出会って恋に落ちても大変な未来になりそうな予感しかない。他人事だったらまるでシンデレラみたいでロマンチックねーなんて言えるけど、バージル様のことなのでつい慎重に考えてしまう。リリーのあの攻撃的な性格も不安要素の一つだ。ちょっとヤバい子っぽかったのよね。
「そこまで思い出せていて、まだリリーを見つけられないの? お兄さまからバージル様とレオノア様の婚約の発表が近々あるって学園で噂になっているって話を聞いたんだけど」
「そっちも間に合うか分からない。ゲームだとヒロインが入学した時にはアシュリーとバージル様はすでに婚約をしていたから、どのタイミングで婚約が決まるか正直分からん。そもそもフェリクス様が亡くなってしまったから婚約も一回白紙に戻るか、このまま強行されるか……大人達がどう動くか分からない。もう俺の知らない世界なんだ」
先が読めないことをエリオットは不安に思っているようだが、わたしはそれが逆にほっとした。決められた未来を考え不安に思う必要がなくなったのだから。
「ねえ、エリオット。あなた王都に行ってきた?」
「ずっと王都にいた。フェリクス様の葬儀が終わってもなかなか王都を離れることが出来なかったからな」
「バージル様には会えた?」
「遠目から見ることしか出来なかった」
「元気そうだった? 食事や睡眠は取れているようだった?」
「遠目からだと言っただろう。みんなフェリクス様のことばかりで、バージル様の話は聞かなかった。きっと平気だろ」
バージル様は実はとても繊細な子なのだ。今一人で苦しんでいるんじゃないかしら。周りにバージル様を気にかけてあげる人はいるのだろうか。

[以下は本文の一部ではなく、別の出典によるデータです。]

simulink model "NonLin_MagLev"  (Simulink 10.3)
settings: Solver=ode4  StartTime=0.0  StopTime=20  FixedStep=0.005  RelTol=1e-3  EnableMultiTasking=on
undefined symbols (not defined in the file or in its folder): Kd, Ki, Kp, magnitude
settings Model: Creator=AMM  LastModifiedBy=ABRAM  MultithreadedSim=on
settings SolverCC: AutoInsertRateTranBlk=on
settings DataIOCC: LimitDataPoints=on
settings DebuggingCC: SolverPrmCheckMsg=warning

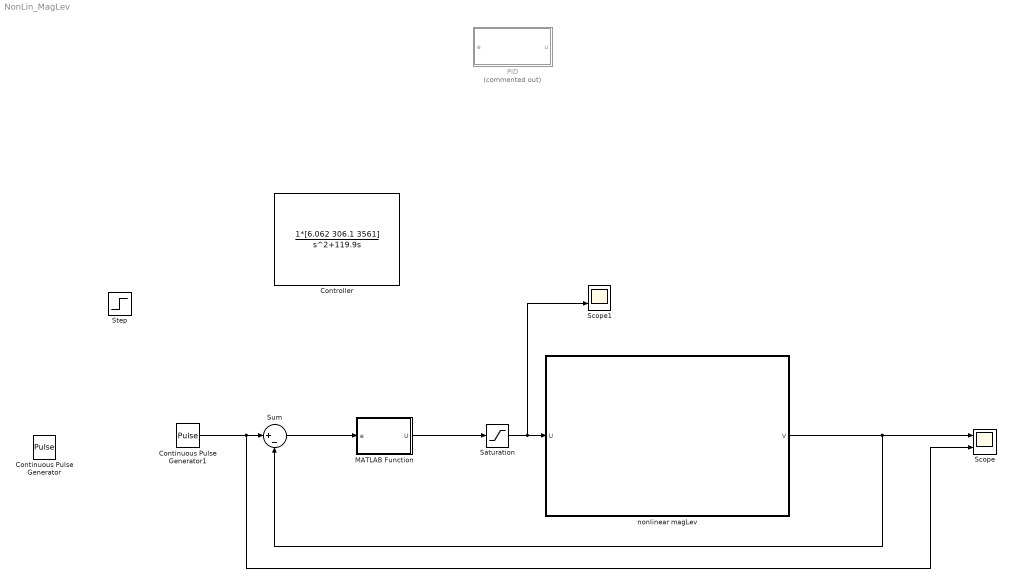
== system NonLin_MagLev ==
  Continuous Pulse Generator : DiscretePulseGenerator  PulseType=Time based  Period=1  PulseWidth=50
  Continuous Pulse Generator1 : DiscretePulseGenerator  PulseType=Time based  Period=3  PulseWidth=50
  "Controller " : TransferFcn  Numerator=1*[6.062 306.1 3561]  Denominator=[1.0000 119.9 0]
  MATLAB Function : MATLAB Function  TreatAsAtomicUnit=on
  PID : Subsystem  Commented=on
  Saturation : Saturate  UpperLimit=5  LowerLimit=-5
  Scope : Scope  NumInputPorts=2
  Scope1 : Scope  NumInputPorts=2
  Step : Step  SampleTime=0
  Sum : Sum  Inputs=|+-
  "nonlinear magLev " : Subsystem
  wires:
  Continuous Pulse Generator1/1 -> Scope/2, Sum/1
  "nonlinear magLev "/1(V) -> Sum/2, Scope/1
  Saturation/1 -> "nonlinear magLev "/1(U), Scope1/2
  Sum/1 -> MATLAB Function/1(e)
  MATLAB Function/1(U) -> Saturation/1

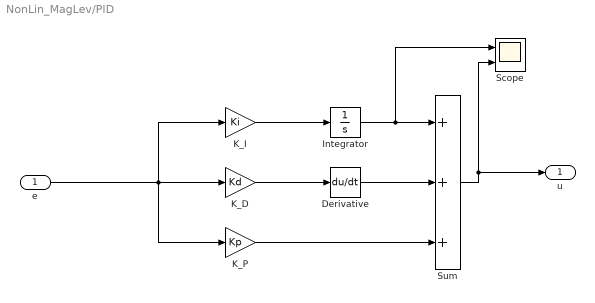
== system NonLin_MagLev/PID ==
  e : Inport
  Derivative : Derivative
  Integrator : Integrator  LimitOutput=on  UpperSaturationLimit=3  LowerSaturationLimit=-3
  K_D : Gain  Gain=Kd
  K_I : Gain  Gain=Ki
  "K_P " : Gain  Gain=Kp
  Scope : Scope  NumInputPorts=2
  Sum : Sum  Inputs=+++
  u : Outport  VectorParamsAs1DForOutWhenUnconnected=off
  wires:
  Sum/1 -> Scope/2, u/1
  Integrator/1 -> Sum/1, Scope/1
  K_I/1 -> Integrator/1
  Derivative/1 -> Sum/2
  K_D/1 -> Derivative/1
  "K_P "/1 -> Sum/3
  e/1 -> "K_P "/1, K_I/1, K_D/1

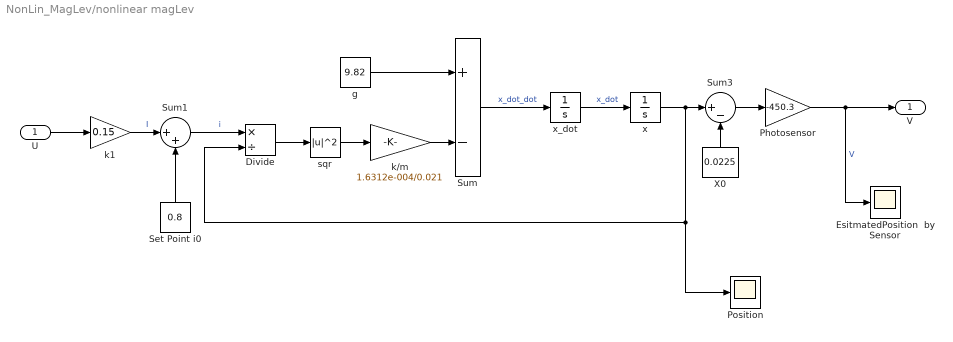
== system NonLin_MagLev/nonlinear magLev  ==
  U : Inport
  Divide : Product  Inputs=*/
  EsitmatedPosition  by Sensor : Scope
  Photosensor : Gain  Gain=-450.3
  Position : Scope
  Set Point i0 : Constant  Value=0.8
  Sum : Sum  Inputs=+-
  Sum1 : Sum  Inputs=|++
  Sum3 : Sum  Inputs=|+-
  X0 : Constant  Value=0.0225
  g : Constant  Value=9.82
  k/m : Gain  Gain=1.6312e-004/0.021
  k1 : Gain  Gain=0.15
  sqr : Math  Operator=magnitude^2  SignedPower=on  SaturateOnIntegerOverflow=on
  x : Integrator  InitialCondition=0.0225  LimitOutput=on  UpperSaturationLimit=0.027  LowerSaturationLimit=0.018  ContinuousStateAttributes='x'
  x_dot : Integrator  ContinuousStateAttributes='x_dot'
  V : Outport  VectorParamsAs1DForOutWhenUnconnected=off
  wires:
  x/1 -> Sum3/1, Position/1, Divide/2
  Photosensor/1 -> V/1, EsitmatedPosition  by Sensor/1  "V"
  g/1 -> Sum/1
  Sum1/1 -> Divide/1  "i"
  k/m/1 -> Sum/2
  x_dot/1 -> x/1  "x_dot"
  Divide/1 -> sqr/1
  Sum/1 -> x_dot/1  "x_dot_dot"
  Sum3/1 -> Photosensor/1
  k1/1 -> Sum1/1  "I"
  Set Point i0/1 -> Sum1/2
  X0/1 -> Sum3/2
  sqr/1 -> k/m/1
  U/1 -> k1/1

== matlab function MATLAB Function ==
  settings: updateMethod=DISCRETE  sampleTime=0.005
  data: e input double; U output double
function U = fcn(e)

persistent e_prev I_u

if (isempty(e_prev))
    e_prev=0;
end
if (isempty(I_u))
    I_u=0;
end

kp = 1.1543;
ki = 2.1241;
kd = 0.0368;
Ts=0.005;
Isat=3;

I_u=I_u + ki*e*Ts;

if  Isat> 0.0
    if I_u >Isat
        I_u =Isat;
    end
    if I_u <-Isat
        I_u =-Isat;
    end
end

U = kp*e + I_u + kd *(e - e_prev) / Ts;
e_prev=e;

if (U >5)
    U=5;  
end
if (U <-5)
    U=-5;
end
end

エリオットを責めるわけじゃないけど、ちゃんとバージル様を見てきてほしかった。
「心配だろう?」
ずっと心の中でもやもやが渦巻いている。
「心配ですわっ!」
それはもちろんだ。
背後からの質問に思わず大きな声で返事をしてしまった。口をおさえながらゆっくり振り返ると呆れた顔をしたお父様と微笑んでいるヴァルトラン公爵様が立っていた。